Emotions are extremely fleeting; have you ever been angry or ecstatic or worried for a full day, with no moment of rest? The truth is that when the next thought or experience arises, as it inevitably does, our emotions change accordingly. Becoming angry or upset or happy again is falsely manufactured by you replaying the memory, letting your thoughts once more wander into the past. Letting the emotions go as quickly as they come is possible, with a bit of practice.

Mindfulness is a form of watching. Watching what is going on in your own body, your own mind, in your physical environment, in the behaviours of others.

It is always now, but strangely enough, it is not often that we live there, or should I say, here. From my experience and from those of many others, mindfulness might just help you find your way back.



Due to the growing popularity of mindfulness, there is a tonne of resources to either get you started with mindfulness or to keep improving your practice.

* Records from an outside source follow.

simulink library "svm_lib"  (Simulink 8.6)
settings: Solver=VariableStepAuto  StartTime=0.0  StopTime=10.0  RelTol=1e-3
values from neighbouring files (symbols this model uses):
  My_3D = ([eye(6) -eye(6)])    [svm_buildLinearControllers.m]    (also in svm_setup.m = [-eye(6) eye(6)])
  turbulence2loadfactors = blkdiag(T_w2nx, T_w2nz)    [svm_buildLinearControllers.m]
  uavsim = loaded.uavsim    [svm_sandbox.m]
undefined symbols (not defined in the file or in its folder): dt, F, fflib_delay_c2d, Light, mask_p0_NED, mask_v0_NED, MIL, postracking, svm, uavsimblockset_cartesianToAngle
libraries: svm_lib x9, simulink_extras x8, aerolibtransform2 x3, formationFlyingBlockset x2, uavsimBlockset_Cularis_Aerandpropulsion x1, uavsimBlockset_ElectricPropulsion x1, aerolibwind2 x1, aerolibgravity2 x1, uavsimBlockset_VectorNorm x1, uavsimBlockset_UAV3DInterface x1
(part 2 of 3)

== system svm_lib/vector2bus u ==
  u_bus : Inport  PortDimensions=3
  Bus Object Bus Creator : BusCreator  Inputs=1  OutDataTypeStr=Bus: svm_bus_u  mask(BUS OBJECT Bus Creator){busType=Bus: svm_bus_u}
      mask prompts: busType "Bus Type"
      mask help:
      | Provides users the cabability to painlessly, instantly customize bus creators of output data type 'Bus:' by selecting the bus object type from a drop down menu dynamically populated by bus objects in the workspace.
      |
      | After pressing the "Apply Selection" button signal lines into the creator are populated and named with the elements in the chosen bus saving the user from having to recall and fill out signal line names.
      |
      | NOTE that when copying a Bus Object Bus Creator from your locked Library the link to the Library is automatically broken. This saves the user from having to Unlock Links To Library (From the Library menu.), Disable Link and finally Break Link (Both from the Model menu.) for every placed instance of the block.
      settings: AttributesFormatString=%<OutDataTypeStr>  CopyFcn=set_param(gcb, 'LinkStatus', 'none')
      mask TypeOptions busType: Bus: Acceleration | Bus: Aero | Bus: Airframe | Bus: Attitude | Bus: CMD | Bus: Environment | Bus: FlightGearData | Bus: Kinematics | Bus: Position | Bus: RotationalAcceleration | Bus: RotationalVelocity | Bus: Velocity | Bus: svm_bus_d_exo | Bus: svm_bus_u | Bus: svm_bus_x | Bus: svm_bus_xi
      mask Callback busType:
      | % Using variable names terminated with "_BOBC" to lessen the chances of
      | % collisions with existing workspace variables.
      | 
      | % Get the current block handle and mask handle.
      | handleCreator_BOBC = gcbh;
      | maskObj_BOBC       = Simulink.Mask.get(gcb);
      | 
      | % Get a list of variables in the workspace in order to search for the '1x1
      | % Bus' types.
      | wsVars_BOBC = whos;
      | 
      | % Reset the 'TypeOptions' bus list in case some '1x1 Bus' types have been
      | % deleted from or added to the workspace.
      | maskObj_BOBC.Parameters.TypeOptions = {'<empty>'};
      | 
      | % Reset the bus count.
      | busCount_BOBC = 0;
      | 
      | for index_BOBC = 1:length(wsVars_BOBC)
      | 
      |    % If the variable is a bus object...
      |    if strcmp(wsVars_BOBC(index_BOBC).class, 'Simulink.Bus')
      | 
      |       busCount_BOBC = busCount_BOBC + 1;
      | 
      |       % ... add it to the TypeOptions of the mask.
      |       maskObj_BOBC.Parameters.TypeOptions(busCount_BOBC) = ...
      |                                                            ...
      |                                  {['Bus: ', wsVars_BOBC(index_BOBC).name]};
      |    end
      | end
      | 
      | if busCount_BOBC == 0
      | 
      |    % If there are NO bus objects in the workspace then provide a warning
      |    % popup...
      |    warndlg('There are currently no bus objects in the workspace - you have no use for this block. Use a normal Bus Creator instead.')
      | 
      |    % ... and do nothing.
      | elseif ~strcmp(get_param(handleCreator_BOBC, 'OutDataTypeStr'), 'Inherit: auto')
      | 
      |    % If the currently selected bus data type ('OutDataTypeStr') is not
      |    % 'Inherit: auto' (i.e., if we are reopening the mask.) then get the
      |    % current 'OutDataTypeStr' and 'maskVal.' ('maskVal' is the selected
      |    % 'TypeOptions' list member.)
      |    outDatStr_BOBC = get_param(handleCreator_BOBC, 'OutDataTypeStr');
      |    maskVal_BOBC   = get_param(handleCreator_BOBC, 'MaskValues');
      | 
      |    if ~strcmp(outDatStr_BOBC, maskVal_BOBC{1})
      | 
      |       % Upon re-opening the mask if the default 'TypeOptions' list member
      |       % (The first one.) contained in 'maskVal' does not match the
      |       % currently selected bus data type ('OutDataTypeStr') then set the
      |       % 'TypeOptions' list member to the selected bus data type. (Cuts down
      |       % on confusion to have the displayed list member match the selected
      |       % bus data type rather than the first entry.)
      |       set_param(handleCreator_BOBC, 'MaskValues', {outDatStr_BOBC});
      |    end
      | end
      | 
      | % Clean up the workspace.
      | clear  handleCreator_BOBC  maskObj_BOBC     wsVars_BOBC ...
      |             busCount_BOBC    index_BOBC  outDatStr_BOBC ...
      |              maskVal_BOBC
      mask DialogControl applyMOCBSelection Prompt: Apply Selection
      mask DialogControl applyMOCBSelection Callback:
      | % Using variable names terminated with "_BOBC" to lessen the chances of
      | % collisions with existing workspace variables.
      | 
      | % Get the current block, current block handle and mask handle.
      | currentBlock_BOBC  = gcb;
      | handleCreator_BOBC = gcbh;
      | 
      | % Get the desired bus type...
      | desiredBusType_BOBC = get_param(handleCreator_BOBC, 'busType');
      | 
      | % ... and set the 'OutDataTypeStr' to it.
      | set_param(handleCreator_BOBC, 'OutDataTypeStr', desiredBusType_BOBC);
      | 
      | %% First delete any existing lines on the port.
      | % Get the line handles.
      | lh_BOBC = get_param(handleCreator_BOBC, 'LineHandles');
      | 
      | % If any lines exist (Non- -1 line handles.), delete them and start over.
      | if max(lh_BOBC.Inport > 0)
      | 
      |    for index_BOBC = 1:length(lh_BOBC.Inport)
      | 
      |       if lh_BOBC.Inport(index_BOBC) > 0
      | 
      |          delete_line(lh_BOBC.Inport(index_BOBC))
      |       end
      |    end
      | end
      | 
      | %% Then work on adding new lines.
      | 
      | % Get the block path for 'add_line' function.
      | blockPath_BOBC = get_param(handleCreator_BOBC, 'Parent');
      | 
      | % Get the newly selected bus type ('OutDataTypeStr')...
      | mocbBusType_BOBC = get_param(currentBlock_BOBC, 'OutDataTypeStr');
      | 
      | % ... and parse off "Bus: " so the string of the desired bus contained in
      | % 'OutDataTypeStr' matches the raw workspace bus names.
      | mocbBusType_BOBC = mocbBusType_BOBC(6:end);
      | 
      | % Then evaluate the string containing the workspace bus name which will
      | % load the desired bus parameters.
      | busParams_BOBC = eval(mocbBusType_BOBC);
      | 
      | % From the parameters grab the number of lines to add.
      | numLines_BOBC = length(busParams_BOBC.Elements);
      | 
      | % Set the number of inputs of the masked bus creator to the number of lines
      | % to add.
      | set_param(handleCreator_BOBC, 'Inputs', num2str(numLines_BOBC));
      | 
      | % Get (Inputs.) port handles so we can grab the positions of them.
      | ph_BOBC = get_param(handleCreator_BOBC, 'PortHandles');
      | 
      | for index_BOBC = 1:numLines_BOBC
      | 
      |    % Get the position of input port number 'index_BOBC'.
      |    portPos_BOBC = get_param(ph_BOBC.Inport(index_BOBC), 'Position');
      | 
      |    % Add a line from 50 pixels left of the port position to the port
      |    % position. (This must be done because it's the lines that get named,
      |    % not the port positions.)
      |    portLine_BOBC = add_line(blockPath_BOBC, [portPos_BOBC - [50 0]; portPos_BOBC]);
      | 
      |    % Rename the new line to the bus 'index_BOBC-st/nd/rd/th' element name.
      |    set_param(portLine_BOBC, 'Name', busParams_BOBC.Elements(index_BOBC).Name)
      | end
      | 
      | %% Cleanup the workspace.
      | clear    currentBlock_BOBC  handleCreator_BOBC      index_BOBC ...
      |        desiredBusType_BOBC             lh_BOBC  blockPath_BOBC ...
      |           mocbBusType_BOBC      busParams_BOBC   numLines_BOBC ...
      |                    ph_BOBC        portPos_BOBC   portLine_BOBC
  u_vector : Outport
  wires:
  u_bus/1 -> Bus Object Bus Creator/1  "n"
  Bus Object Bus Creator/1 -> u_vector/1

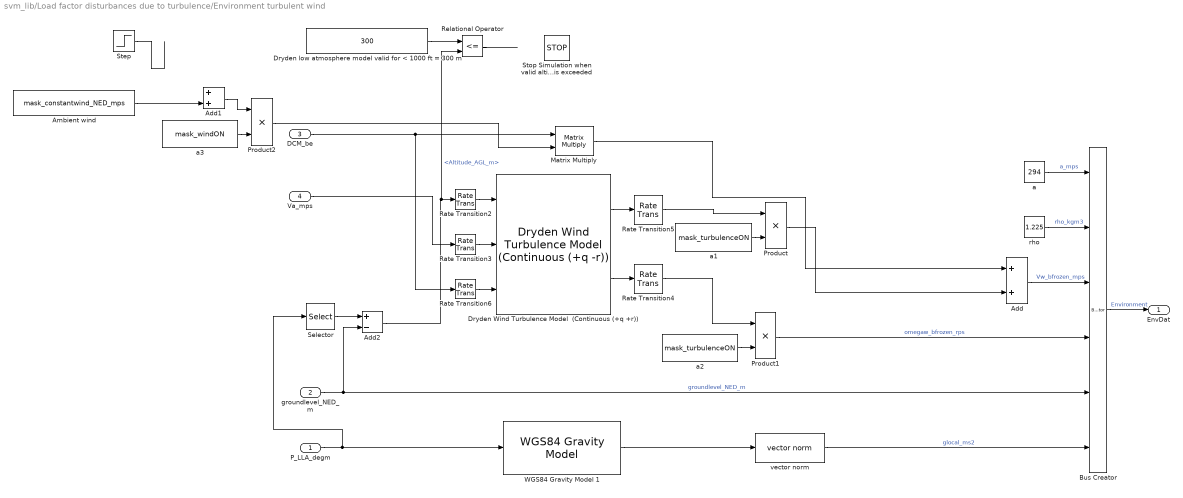
== system svm_lib/Load factor disturbances due to turbulence/Environment turbulent wind ==
  P_LLA_degm : Inport
  groundlevel_NED_m : Inport  Port=2
  DCM_be : Inport  Port=3
  Va_mps : Inport  Port=4
  Add : Sum
  Add1 : Sum
  Add2 : Sum  Inputs=+-
  Ambient wind : Constant  Value=mask_constantwind_NED_mps
  Bus Creator : BusCreator  Inputs=6  OutDataTypeStr=Bus: Environment  NonVirtualBus=on
  Dryden Wind Turbulence Model  (Continuous (+q +r)) : aerolibwind2/Dryden Wind Turbulence Model  (Continuous (+q -r))  units=Metric (MKS)  spec=MIL-F-8785C  model=Discrete Dryden (+q -r)  W20=norm(mask_constantwind_NED_mps)  Wdeg=rad2deg(uavsimblockset_cartesianToAngle(mask_constantwind_NED_mps(1), mask_constantwind_NED_mps(2)))  TurbProb=10^-2 - Light  L_high=533.4  Wingspan=mask_wingspan  ts=0.1  Seed=eval(svm.turbulenceseed)  T_on=on
  Dryden low atmosphere model valid for < 1000 ft = 300 m : Constant  Value=300
  Matrix Multiply : Product  Multiplication=Matrix(*)
  Product : Product  RndMeth=Zero
  Product1 : Product  RndMeth=Zero
  Product2 : Product  RndMeth=Zero
  Rate Transition2 : RateTransition  OutPortSampleTime=0.1
  Rate Transition3 : RateTransition  OutPortSampleTime=0.1
  Rate Transition4 : RateTransition  OutPortSampleTime=0
  Rate Transition5 : RateTransition  OutPortSampleTime=0
  Rate Transition6 : RateTransition  OutPortSampleTime=0.1
  Relational Operator : RelationalOperator  Operator=<=  OutDataTypeStr=boolean
  Selector : Selector  InputPortWidth=3  IndexOptions=Index vector (dialog)  Indices=3  OutputSizes=1
  Step : Step  Time=10  After=[0 0 1]  SampleTime=0
  Stop Simulation when valid altitude is exceeded : Stop
  WGS84 Gravity Model 1 : aerolibgravity2/WGS84 Gravity Model   model=WGS84 Taylor Series  units=Metric (MKS)  no_atmos=on  precessing=on  jd_loc=off  month=October  day=10  year=2004  no_centrifugal=on  action=Warning
  a : Constant  Value=294
  a1 : Constant  Value=mask_turbulenceON
  a2 : Constant  Value=mask_turbulenceON
  a3 : Constant  Value=mask_windON
  "rho " : Constant  Value=1.225
  vector norm : uavsimBlockset_VectorNorm/vector norm
  EnvDat : Outport  OutDataTypeStr=Bus: Environment
  wires:
  Step/1 -> ?
  Add1/1 -> Product2/1
  Product2/1 -> Matrix Multiply/2
  a3/1 -> Product2/2
  Relational Operator/1 -> ?
  Dryden low atmosphere model valid for < 1000 ft = 300 m/1 -> Relational Operator/1
  Product1/1 -> Bus Creator/4  "omegaw_bfrozen_rps"
  a2/1 -> Product1/2
  a1/1 -> Product/2
  Product/1 -> Add/2
  Dryden Wind Turbulence Model  (Continuous (+q +r))/2 -> Rate Transition4/1
  P_LLA_degm/1 -> WGS84 Gravity Model 1/1, Selector/1
  groundlevel_NED_m/1 -> Add2/2, Bus Creator/5  "groundlevel_NED_m"
  WGS84 Gravity Model 1/1 -> vector norm/1
  Bus Creator/1 -> EnvDat/1  "Environment"
  "rho "/1 -> Bus Creator/2  "rho_kgm3"
  a/1 -> Bus Creator/1  "a_mps"
  Add/1 -> Bus Creator/3  "Vw_bfrozen_mps"
  vector norm/1 -> Bus Creator/6  "glocal_ms2"
  Add2/1 -> Rate Transition2/1, Relational Operator/2  "<Altitude_AGL_m>"
  Va_mps/1 -> Rate Transition3/1
  DCM_be/1 -> Matrix Multiply/1, Rate Transition6/1
  Ambient wind/1 -> Add1/2
  Dryden Wind Turbulence Model  (Continuous (+q +r))/1 -> Rate Transition5/1
  Matrix Multiply/1 -> Add/1
  Rate Transition4/1 -> Product1/1
  Rate Transition5/1 -> Product/1
  Selector/1 -> Add2/1
  Rate Transition2/1 -> Dryden Wind Turbulence Model  (Continuous (+q +r))/1
  Rate Transition3/1 -> Dryden Wind Turbulence Model  (Continuous (+q +r))/2
  Rate Transition6/1 -> Dryden Wind Turbulence Model  (Continuous (+q +r))/3

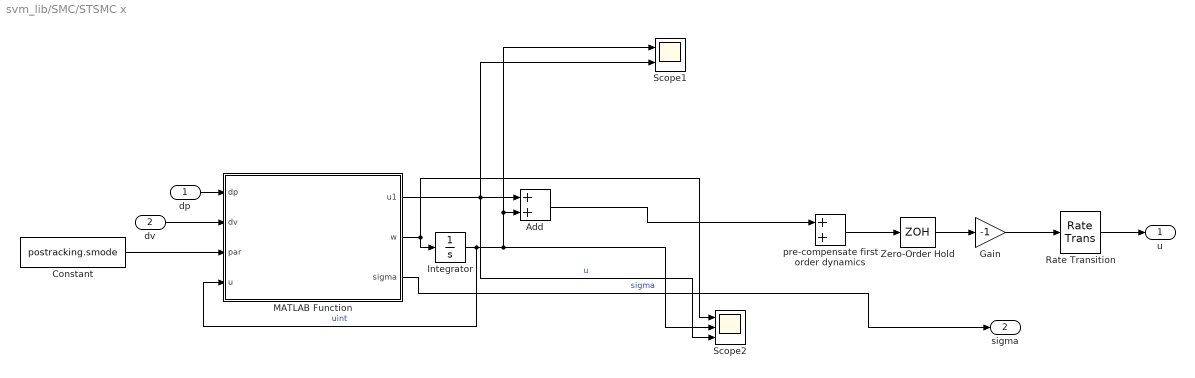
== system svm_lib/SMC/STSMC x ==
  dp : Inport
  dv : Inport  Port=2
  Add : Sum
  Constant : Constant  Value=postracking.smode  OutDataTypeStr=Bus: slBus1
  Gain : Gain  Gain=-1
  Integrator : Integrator
  MATLAB Function : MATLAB Function  TreatAsAtomicUnit=on
  Rate Transition : RateTransition
  Scope1 : Scope  NumInputPorts=2
  Scope2 : Scope  NumInputPorts=3
  Zero-Order Hold : ZeroOrderHold  SampleTime=postracking.T
  pre-compensate first order dynamics : Sum
  u : Outport  PortDimensions=1
  sigma : Outport  Port=2  PortDimensions=1
  wires:
  Gain/1 -> Rate Transition/1
  Rate Transition/1 -> u/1
  Zero-Order Hold/1 -> Gain/1
  pre-compensate first order dynamics/1 -> Zero-Order Hold/1
  MATLAB Function/2(w) -> Integrator/1, Scope2/1
  Add/1 -> pre-compensate first order dynamics/1
  Integrator/1 -> MATLAB Function/4(u), Add/2, Scope1/1, Scope2/2  "uint"
  MATLAB Function/1(u1) -> Add/1, Scope2/3, Scope1/2  "u"
  MATLAB Function/3(sigma) -> sigma/1  "sigma"
  Constant/1 -> MATLAB Function/3(par)
  dv/1 -> MATLAB Function/2(dv)
  dp/1 -> MATLAB Function/1(dp)

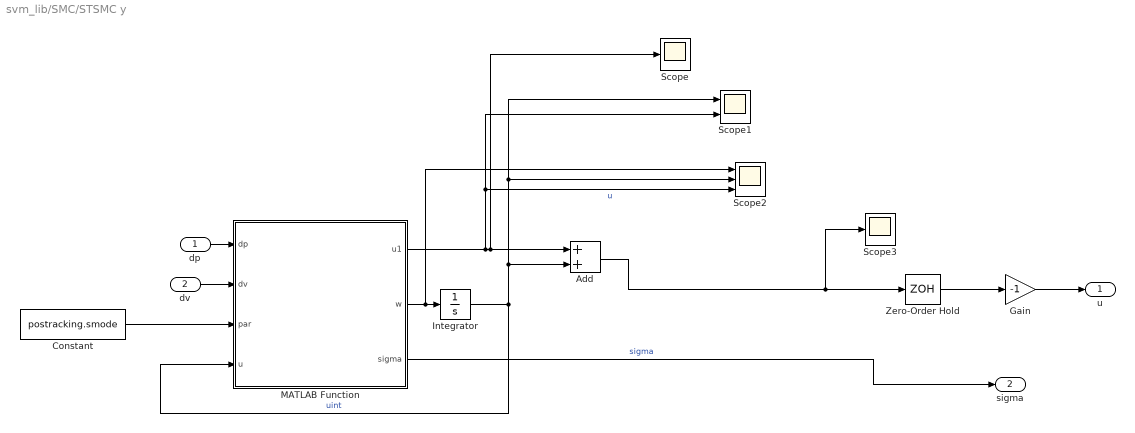
== system svm_lib/SMC/STSMC y ==
  dp : Inport
  dv : Inport  Port=2
  Add : Sum
  Constant : Constant  Value=postracking.smode  OutDataTypeStr=Bus: slBus1
  Gain : Gain  Gain=-1
  Integrator : Integrator
  MATLAB Function : MATLAB Function  TreatAsAtomicUnit=on
  Scope : Scope
  Scope1 : Scope  NumInputPorts=2
  Scope2 : Scope  NumInputPorts=3
  Scope3 : Scope
  Zero-Order Hold : ZeroOrderHold  SampleTime=postracking.T
  u : Outport  PortDimensions=1
  sigma : Outport  Port=2  PortDimensions=1
  wires:
  dp/1 -> MATLAB Function/1(dp)
  dv/1 -> MATLAB Function/2(dv)
  Constant/1 -> MATLAB Function/3(par)
  MATLAB Function/3(sigma) -> sigma/1  "sigma"
  MATLAB Function/1(u1) -> Add/1, Scope/1, Scope1/2, Scope2/3  "u"
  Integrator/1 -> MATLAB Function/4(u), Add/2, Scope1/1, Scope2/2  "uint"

However, amid the vast quantity, there are a couple of very high-quality resources I would love to direct you towards.

Headspace is my favourite app out there. This is especially suited to beginners and combines a selection of cute cartoons, simple meditations that focus on mindfulness, videos and one of the most user-friendly interfaces I have ever experienced on an app. If you are looking for a sign or marker for a place to start your mindfulness/simple meditation journey, let this be it.

I also highly recommend the world-renowned neuroscientist, philosopher and top meditator Sam Harris’ app and book, both titled ‘Waking Up’. Much of this post is based on the things that I have read in his book. His resources are recommended to anyone that is interested in taking a more scientific and philosophical take on mindfulness and the nature of consciousness.

Sam also provides a basic, guided meditation to get you started and gives you a little taster below of his meditation and mindfulness methods. If you are looking for some basic instructions about what a mindfulness practice entails, this is a great place to start:

Meditation Instructions:

  1. Sit comfortably, with your spine erect, either in chair or cross-legged on a cushion.
  2. Close your eyes, take a few deep breaths, and feel the points of contact between your body and the chair or floor. Notice the sensations associated with sitting—feelings of pressure, warmth, tingling, vibration, etc.
  3. Gradually become aware of the process of breathing. Pay attention to wherever you feel the breath most clearly—either at the nostrils, or in the rising and falling your abdomen.
  4. Allow your attention to rest in the mere sensation of breathing. (There is no need to control your breath. Just let it come and go naturally.)
  5. Every time your mind wanders in thought, gently return it to the sensation of breathing.
  6. As you focus on the breath, you will notice that other perceptions and sensations continue to appear: sounds, feelings in the body, emotions, etc. Simply notice these phenomena as they emerge in the field of awareness, and then return to the sensation of breathing.
  7. The moment you observe that you have been lost in thought, notice the present thought itself as an object of consciousness. Then return your attention to the breath—or to whatever sounds or sensations arise in the next moment.
  8. Continue in this way until you can merely witness all objects of consciousness—sights, sounds, sensations, emotions, and even thoughts themselves—as they arise and pass away.
  9. Don’t fall.

If this mindful stuff sounds appealing to you and you prefer to read about these sorts of things, a few books that will feed your interest are:

Mindfulness in Plain English, by Bhante Gunaratana
The Experience of Insight, by Joseph Goldstein
Wherever You Go, There You Are, by Jon Kabat-Zinn.